Question and answer site Stack Overflow has been on a tear, as we recently reported in a profile of the company. The site supports 45 vertical categories for questions, relaunched a career site and now has $12 million in new funding and a new name to boast about.
The New York-based startup said late last night it has raised a Series B funding round from new investors Index Ventures and Spark Capital along with original investor Union Square Ventures. The new capital follows a $6 million first round in May last year from investors Ron Conway, Chris Dixon, Caterina Fake, Naval Ravikant, Nirav Tolia, Joshua Schachter, Micah Siegel, and Bob Pasker.

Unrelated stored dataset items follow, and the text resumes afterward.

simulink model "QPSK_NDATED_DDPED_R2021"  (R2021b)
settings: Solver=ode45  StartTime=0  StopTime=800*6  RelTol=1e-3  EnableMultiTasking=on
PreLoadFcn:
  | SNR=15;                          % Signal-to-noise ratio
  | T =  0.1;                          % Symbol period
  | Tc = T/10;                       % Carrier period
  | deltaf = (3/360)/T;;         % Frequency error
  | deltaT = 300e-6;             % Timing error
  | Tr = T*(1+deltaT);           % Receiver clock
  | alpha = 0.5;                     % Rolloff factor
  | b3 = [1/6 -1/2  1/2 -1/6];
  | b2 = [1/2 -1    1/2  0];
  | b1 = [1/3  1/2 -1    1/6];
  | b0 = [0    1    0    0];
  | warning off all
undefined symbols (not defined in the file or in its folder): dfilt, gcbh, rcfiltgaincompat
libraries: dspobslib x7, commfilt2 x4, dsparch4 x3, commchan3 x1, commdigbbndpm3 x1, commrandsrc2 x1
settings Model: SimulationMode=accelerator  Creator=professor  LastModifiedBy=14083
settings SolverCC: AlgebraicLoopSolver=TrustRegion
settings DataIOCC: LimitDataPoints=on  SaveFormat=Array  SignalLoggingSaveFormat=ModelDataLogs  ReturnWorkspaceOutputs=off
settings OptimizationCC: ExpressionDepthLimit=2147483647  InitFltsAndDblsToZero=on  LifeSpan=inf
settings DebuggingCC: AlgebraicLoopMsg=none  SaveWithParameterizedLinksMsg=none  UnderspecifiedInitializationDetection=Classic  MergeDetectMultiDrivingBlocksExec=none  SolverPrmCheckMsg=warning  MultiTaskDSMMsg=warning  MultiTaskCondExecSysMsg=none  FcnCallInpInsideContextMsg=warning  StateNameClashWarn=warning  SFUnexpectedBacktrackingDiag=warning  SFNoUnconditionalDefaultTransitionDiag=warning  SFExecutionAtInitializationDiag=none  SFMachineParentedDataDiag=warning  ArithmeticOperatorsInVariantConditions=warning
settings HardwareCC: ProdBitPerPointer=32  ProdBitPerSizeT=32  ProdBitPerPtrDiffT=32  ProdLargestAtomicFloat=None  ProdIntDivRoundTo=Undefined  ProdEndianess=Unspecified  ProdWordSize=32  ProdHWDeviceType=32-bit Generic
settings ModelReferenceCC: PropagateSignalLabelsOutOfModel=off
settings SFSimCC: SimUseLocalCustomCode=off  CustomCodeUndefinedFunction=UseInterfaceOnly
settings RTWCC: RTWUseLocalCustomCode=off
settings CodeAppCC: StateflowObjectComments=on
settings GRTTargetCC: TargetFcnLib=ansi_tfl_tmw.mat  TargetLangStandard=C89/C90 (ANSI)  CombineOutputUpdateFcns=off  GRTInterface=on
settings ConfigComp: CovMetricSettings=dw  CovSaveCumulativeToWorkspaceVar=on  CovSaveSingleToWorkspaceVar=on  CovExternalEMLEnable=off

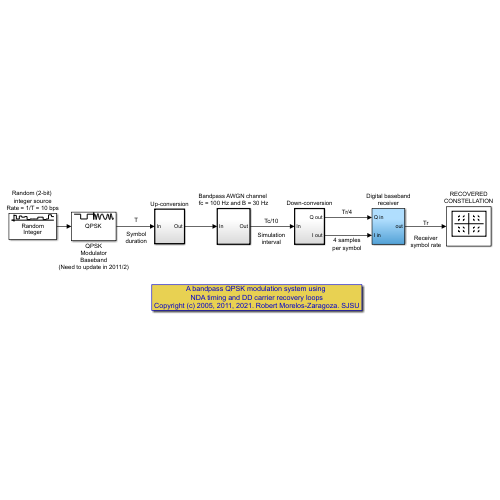
[thumbnail: Simulink's stored preview of the top-level diagram]
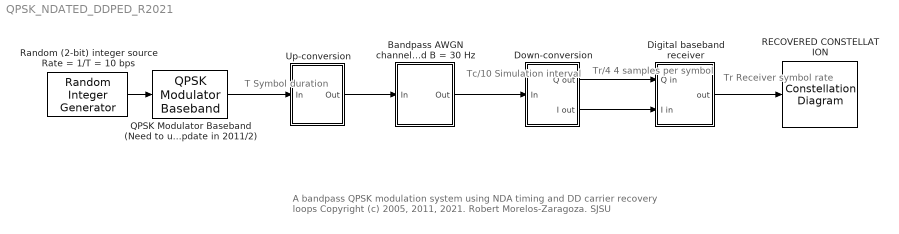
== system QPSK_NDATED_DDPED_R2021 ==
  note: A bandpass QPSK modulation system using
      | NDA timing and DD carrier recovery loops
      | Copyright (c) 2005, 2011, 2021. Robert Morelos-Zaragoza. SJSU
  note: Tc/10
      |
      | Simulation
      | interval
  note: T
      |
      | Symbol
      | duration
  note: Tr/4
      |
      |
      |
      | 4 samples
      | per symbol
  note: Tr
      |
      | Receiver
      | symbol rate
  Bandpass AWGN channel fc = 100 Hz and B = 30 Hz : Subsystem  TreatAsAtomicUnit=on
  Digital baseband receiver : Subsystem
  Down-conversion : Subsystem  TreatAsAtomicUnit=on
  QPSK Modulator Baseband (Need to update in 2011/2) : commdigbbndpm3/QPSK Modulator Baseband  InType=Integer  Enc=Gray  Ph=pi/4  outDtype=double  outWordLen=16  outUDDataType=sfix(16)  outFracLenMode=Best precision  outFracLen=15  outDataTypeStr=double  outLastDataTypeStr=double
  RECOVERED CONSTELLATION : ConstellationDiagram  Tag=ScatterPlot
  Random (2-bit) integer source Rate = 1/T = 10 bps : commrandsrc2/Random Integer Generator  mul=4  seed=15571  Ts=T  frameBased=off  sampPerFrame=1  orient=off  outDataType=double
      settings: SourceProductBaseCode=CM
  Up-conversion : Subsystem  TreatAsAtomicUnit=on
  wires:
  Bandpass AWGN channel fc = 100 Hz and B = 30 Hz/1(Out) -> Down-conversion/1(In)
  Down-conversion/1(Q out) -> Digital baseband receiver/1(Q in)
  Down-conversion/2(I out) -> Digital baseband receiver/2(I in)
  Digital baseband receiver/1(out) -> RECOVERED CONSTELLATION/1
  QPSK Modulator Baseband (Need to update in 2011/2)/1 -> Up-conversion/1(In)
  Random (2-bit) integer source Rate = 1/T = 10 bps/1 -> QPSK Modulator Baseband (Need to update in 2011/2)/1
  Up-conversion/1(Out) -> Bandpass AWGN channel fc = 100 Hz and B = 30 Hz/1(In)

== system QPSK_NDATED_DDPED_R2021/Bandpass AWGN channel fc = 100 Hz and B = 30 Hz ==
  note: Bandpass AWGN channel
      |
      | Robert Morelos-Zaragoza
      | San Jose State University
      | Copyright (c) 2005
  In : Inport
  AWGN Channel : commchan3/AWGN Channel  InputProcessing=Columns as channels (frame based)  seed=13357  noiseMode="Signal to noise ratio  (Eb/No)"  EbNodB=SNR  EsNodB=15  SNRdB=10  bitsPerSym=2  Ps=1  Tsym=T/4  variance=1
  "Channel Hc(f) fc=100, B=30" : dsparch4/Analog Filter Design  method=Chebyshev I  filttype=Bandpass  N=20  Wlo=2*pi*85  Whi=2*pi*115  Rp=0.5  Rs=30
  Tc/10 Simulation interval : ZeroOrderHold  SampleTime=Tc/10
  Out : Outport
  wires:
  "Channel Hc(f) fc=100, B=30"/1 -> Tc/10 Simulation interval/1
  AWGN Channel/1 -> Out/1
  In/1 -> "Channel Hc(f) fc=100, B=30"/1
  Tc/10 Simulation interval/1 -> AWGN Channel/1

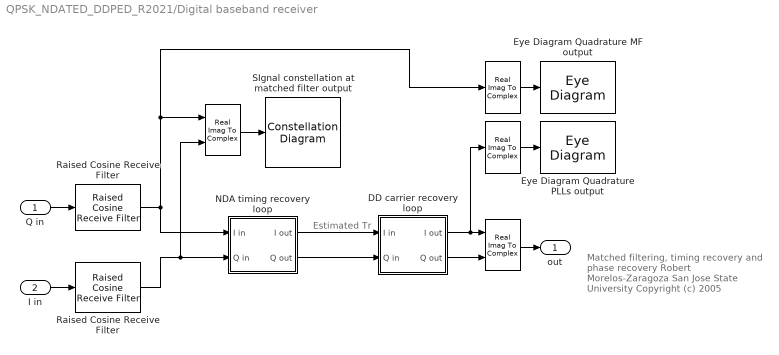
== system QPSK_NDATED_DDPED_R2021/Digital baseband receiver ==
  note: Estimated
      | Tr
  note: Matched filtering, timing recovery
      | and phase recovery
      |
      | Robert Morelos-Zaragoza
      | San Jose State University
      | Copyright (c) 2005
  Q in : Inport
  I in : Inport  Port=2
  " " : RealImagToComplex  Input=Real  SampleTime=Tr/4
  "    " : RealImagToComplex  SampleTime=Tr/4
  "       " : RealImagToComplex  Input=Real  SampleTime=Tr/4
  "           " : RealImagToComplex  SampleTime=Tr
  DD carrier recovery loop : Subsystem
  Eye Diagram Quadrature MF output : EyeDiagram  Tag=EyeDiagram
  Eye Diagram Quadrature PLLs output : EyeDiagram  Tag=EyeDiagram
  NDA timing recovery loop : Subsystem
  Raised Cosine Receive Filter : commfilt2/Raised Cosine Receive Filter  filtType=Square root  R=alpha  filtSpan=2*(4)  N=4  downFactor=1  downOffset=0  filterGain=(1/2)*rcfiltgaincompat(gcbh)  InputProcessing=Columns as channels (frame based)  RateOptions=Enforce single-rate processing  framing=Maintain input frame size  checkCoeff=off  variableName=rcRxFilt  currentFiltSpan=2*(4)  D=4  inputOffset=0  sampMode=Mute  saveAsFlag=0  rateMode=Downsampling  checkGain=User-specified  launchFVT=off  roundingMode=Floor  overflowMode=off  coeffDataTypeStr=Inherit: Same word length as input  coeffMin=[]  coeffMax=[]  coeffLastDataTypeStr=Inherit: Same word length as input  accumDataTypeStr=Inherit: Same as product output  accumLastDataTypeStr=Inherit: Same as product output  outputDataTypeStr=Inherit: Same as accumulator  outputMin=[]  outputMax=[]  outputLastDataTypeStr=Inherit: Same as accumulator
  "Raised Cosine Receive Filter " : commfilt2/Raised Cosine Receive Filter  filtType=Square root  R=alpha  filtSpan=2*(4)  N=4  downFactor=1  downOffset=0  filterGain=(1/2)*rcfiltgaincompat(gcbh)  InputProcessing=Columns as channels (frame based)  RateOptions=Enforce single-rate processing  framing=Maintain input frame size  checkCoeff=off  variableName=rcRxFilt1  currentFiltSpan=2*(4)  D=4  inputOffset=0  sampMode=Mute  saveAsFlag=0  rateMode=Downsampling  checkGain=User-specified  launchFVT=off  roundingMode=Floor  overflowMode=off  coeffDataTypeStr=Inherit: Same word length as input  coeffMin=[]  coeffMax=[]  coeffLastDataTypeStr=Inherit: Same word length as input  accumDataTypeStr=Inherit: Same as product output  accumLastDataTypeStr=Inherit: Same as product output  outputDataTypeStr=Inherit: Same as accumulator  outputMin=[]  outputMax=[]  outputLastDataTypeStr=Inherit: Same as accumulator
  SIgnal constellation at matched filter output : ConstellationDiagram  Tag=ScatterPlot
  out : Outport
  wires:
  Q in/1 -> Raised Cosine Receive Filter/1
  I in/1 -> "Raised Cosine Receive Filter "/1
  Raised Cosine Receive Filter/1 -> "    "/1, " "/1, NDA timing recovery loop/1(I in)
  "    "/1 -> SIgnal constellation at matched filter output/1
  DD carrier recovery loop/1(I out) -> "           "/1, "       "/1
  DD carrier recovery loop/2(Q out) -> "           "/2
  "           "/1 -> out/1
  NDA timing recovery loop/1(I out) -> DD carrier recovery loop/1(I in)
  NDA timing recovery loop/2(Q out) -> DD carrier recovery loop/2(Q in)
  " "/1 -> Eye Diagram Quadrature MF output/1
  "       "/1 -> Eye Diagram Quadrature PLLs output/1
  "Raised Cosine Receive Filter "/1 -> NDA timing recovery loop/2(Q in), "    "/2

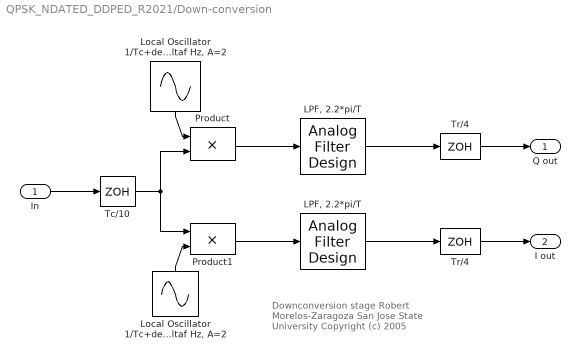
== system QPSK_NDATED_DDPED_R2021/Down-conversion ==
  note: Downconversion stage
      |
      | Robert Morelos-Zaragoza
      | San Jose State University
      | Copyright (c) 2005
  In : Inport
  " LPF, 2.2*pi/T " : dsparch4/Analog Filter Design  method=Butterworth  filttype=Lowpass  N=8  Wlo=2.2*pi/T  Whi=80  Rp=2  Rs=40
  "LPF, 2.2*pi/T" : dsparch4/Analog Filter Design  method=Butterworth  filttype=Lowpass  N=8  Wlo=2.2*pi/T  Whi=80  Rp=2  Rs=40
  "Local Oscillator 1/Tc+deltaf Hz, A=2 " : Sin  Amplitude=2  Frequency=2*pi/Tc+deltaf  SampleTime=Tc/10
  "Local Oscillator 1/Tc+deltaf Hz, A=2    " : Sin  Amplitude=2  Frequency=2*pi/Tc+deltaf  Phase=pi/2  SampleTime=Tc/10
  Product : Product  InputSameDT=on  SaturateOnIntegerOverflow=on  OutDataTypeStr=Inherit: Same as first input
  Product1 : Product  InputSameDT=on  SaturateOnIntegerOverflow=on  OutDataTypeStr=Inherit: Same as first input
  Tc/10 : ZeroOrderHold  SampleTime=Tc/10
  Tr/4 : ZeroOrderHold  SampleTime=Tr/4
  "Tr/4 " : ZeroOrderHold  SampleTime=Tr/4
  Q out : Outport
  I out : Outport  Port=2
  wires:
  "Local Oscillator 1/Tc+deltaf Hz, A=2    "/1 -> Product1/2
  "LPF, 2.2*pi/T"/1 -> Tr/4/1
  "Local Oscillator 1/Tc+deltaf Hz, A=2 "/1 -> Product/1
  Product/1 -> "LPF, 2.2*pi/T"/1
  " LPF, 2.2*pi/T "/1 -> "Tr/4 "/1
  Product1/1 -> " LPF, 2.2*pi/T "/1
  In/1 -> Tc/10/1
  Tr/4/1 -> Q out/1
  "Tr/4 "/1 -> I out/1
  Tc/10/1 -> Product/2, Product1/1

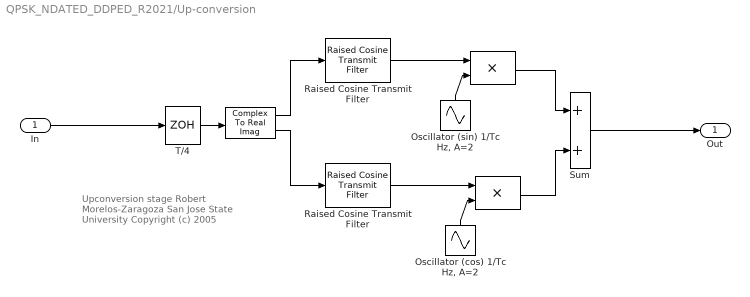
== system QPSK_NDATED_DDPED_R2021/Up-conversion ==
  note: Upconversion stage
      |
      | Robert Morelos-Zaragoza
      | San Jose State University
      | Copyright (c) 2005
  In : Inport
  " " : ComplexToRealImag
  "  " : Product  InputSameDT=on  SaturateOnIntegerOverflow=on  OutDataTypeStr=Inherit: Same as first input
  "   " : Product  InputSameDT=on  SaturateOnIntegerOverflow=on  OutDataTypeStr=Inherit: Same as first input
  "Oscillator (cos) 1/Tc Hz, A=2" : Sin  Amplitude=2  Frequency=2*pi/Tc  Phase=pi/2  SampleTime=0
  "Oscillator (sin) 1/Tc Hz, A=2 " : Sin  Amplitude=2  Frequency=2*pi/Tc  SampleTime=0
  Raised Cosine Transmit Filter : commfilt2/Raised Cosine Transmit Filter  filtType=Square root  R=alpha  filtSpan=2*(4)  N=4  filterGain=rcfiltgaincompat(gcbh)  RateOptions=Allow multirate processing  framing=Maintain input frame size  checkCoeff=off  variableName=rcTxFilt  checkGain=Normalized  sampMode=Mute  saveAsFlag=0  currentFiltSpan=2*(4)  D=4  launchFVT=off  roundingMode=Floor  overflowMode=off  coeffDataTypeStr=Inherit: Same word length as input  coeffMin=[]  coeffMax=[]  coeffLastDataTypeStr=Inherit: Same word length as input  outputDataTypeStr=Inherit: Same as accumulator  outputMin=[]  outputMax=[]  outputLastDataTypeStr=Inherit: Same as accumulator
  "Raised Cosine Transmit Filter " : commfilt2/Raised Cosine Transmit Filter  filtType=Square root  R=alpha  filtSpan=2*(4)  N=4  filterGain=rcfiltgaincompat(gcbh)  RateOptions=Allow multirate processing  framing=Maintain input frame size  checkCoeff=off  variableName=rcTxFilt1  checkGain=Normalized  sampMode=Mute  saveAsFlag=0  currentFiltSpan=2*(4)  D=4  launchFVT=off  roundingMode=Floor  overflowMode=off  coeffDataTypeStr=Inherit: Same word length as input  coeffMin=[]  coeffMax=[]  coeffLastDataTypeStr=Inherit: Same word length as input  outputDataTypeStr=Inherit: Same as accumulator  outputMin=[]  outputMax=[]  outputLastDataTypeStr=Inherit: Same as accumulator
  Sum : Sum  InputSameDT=on  SaturateOnIntegerOverflow=on  OutDataTypeStr=Inherit: Same as first input
  T/4 : ZeroOrderHold  SampleTime=T/4
  Out : Outport
  wires:
  T/4/1 -> " "/1
  In/1 -> T/4/1
  Raised Cosine Transmit Filter/1 -> "  "/1
  "Raised Cosine Transmit Filter "/1 -> "   "/1
  "Oscillator (sin) 1/Tc Hz, A=2 "/1 -> "  "/2
  "Oscillator (cos) 1/Tc Hz, A=2"/1 -> "   "/2
  "  "/1 -> Sum/1
  "   "/1 -> Sum/2
  Sum/1 -> Out/1
  " "/1 -> Raised Cosine Transmit Filter/1
  " "/2 -> "Raised Cosine Transmit Filter "/1

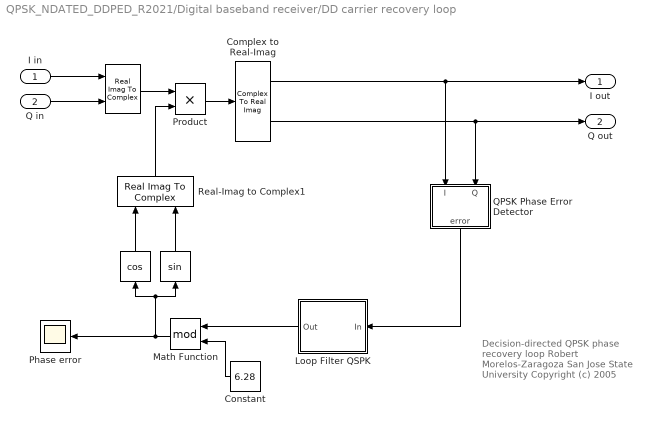
== system QPSK_NDATED_DDPED_R2021/Digital baseband receiver/DD carrier recovery loop ==
  note: Decision-directed QPSK
      | phase recovery loop
      |
      | Robert Morelos-Zaragoza
      | San Jose State University
      | Copyright (c) 2005
  I in : Inport
  Q in : Inport  Port=2
  " " : Trigonometry  OutputSignalType=real
  "   " : Trigonometry  Operator=cos  OutputSignalType=real
  "     " : RealImagToComplex  SampleTime=Tr
  "  QPSK Phase Error Detector" : Subsystem
  Complex to Real-Imag : ComplexToRealImag
  Constant : Constant  Value=6.28  SampleTime=Tr
  Loop Filter QSPK : Subsystem
  Math Function : Math  Operator=mod  SignedPower=on  OutputSignalType=real  SampleTime=Tr  SaturateOnIntegerOverflow=on
  Phase error : Scope
  Product : Product  InputSameDT=on  OutDataTypeStr=Inherit: Same as first input
  Real-Imag to Complex1 : RealImagToComplex
  I out : Outport
  Q out : Outport  Port=2
  wires:
  Real-Imag to Complex1/1 -> Product/2
  "   "/1 -> Real-Imag to Complex1/1
  " "/1 -> Real-Imag to Complex1/2
  Product/1 -> Complex to Real-Imag/1
  Complex to Real-Imag/1 -> I out/1, "  QPSK Phase Error Detector"/1(I)
  Complex to Real-Imag/2 -> Q out/1, "  QPSK Phase Error Detector"/2(Q)
  Loop Filter QSPK/1(Out) -> Math Function/1
  Constant/1 -> Math Function/2
  Math Function/1 -> " "/1, "   "/1, Phase error/1
  I in/1 -> "     "/1
  Q in/1 -> "     "/2
  "     "/1 -> Product/1
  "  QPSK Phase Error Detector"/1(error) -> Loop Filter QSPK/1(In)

Along with the new money, the company has also changed its name to Stack Exchange Inc., which was previously the name of its network of sub-sites covering more than 40 different areas including things like English, photography and cooking. The original name came from the programming term, which was where the company began its focus: as a destination for coders. But now, the company is clearly signaling that its future is much broader than programming and that its model can work for many more areas.
The newly renamed Stack Exchange has surged because of its very ordered way of answering questions. It works by focusing on specific verticals and building up experts within those areas who can answer incoming queries. The result is an impressive answer rate of more than 80 percent overall, and in some vertical subject areas, well over 90 percent. That has translated into a lot of users. Last month, the site hit 19 million users to crack Quantcast’s list of top 300 sites.
CEO and founder Joel Spolsky didn’t exactly say what the new money will be used for, joking instead that the company is now planning on buying more t-shirts, snacks and a ping-pong table. But it’s a good bet the company will be growing its team as it adds more vertical sites to Stack Exchange, which is approving a new site a week. Stack Overflow was profitable last year before it launched Stack Exchange. It expects to raise money through advertising and through its updated career site, which will match its experts with jobs.
It’s unclear what Stack Exchange is valued at, but the company is clearly on a roll. If Quora, the darling of Silicon Valley, is worth an estimated $300 million or more, Stack Exchange, which is bigger according to Alexa and Compete, is likely worth more. And with its latest funding, it’s showing no signs of letting up.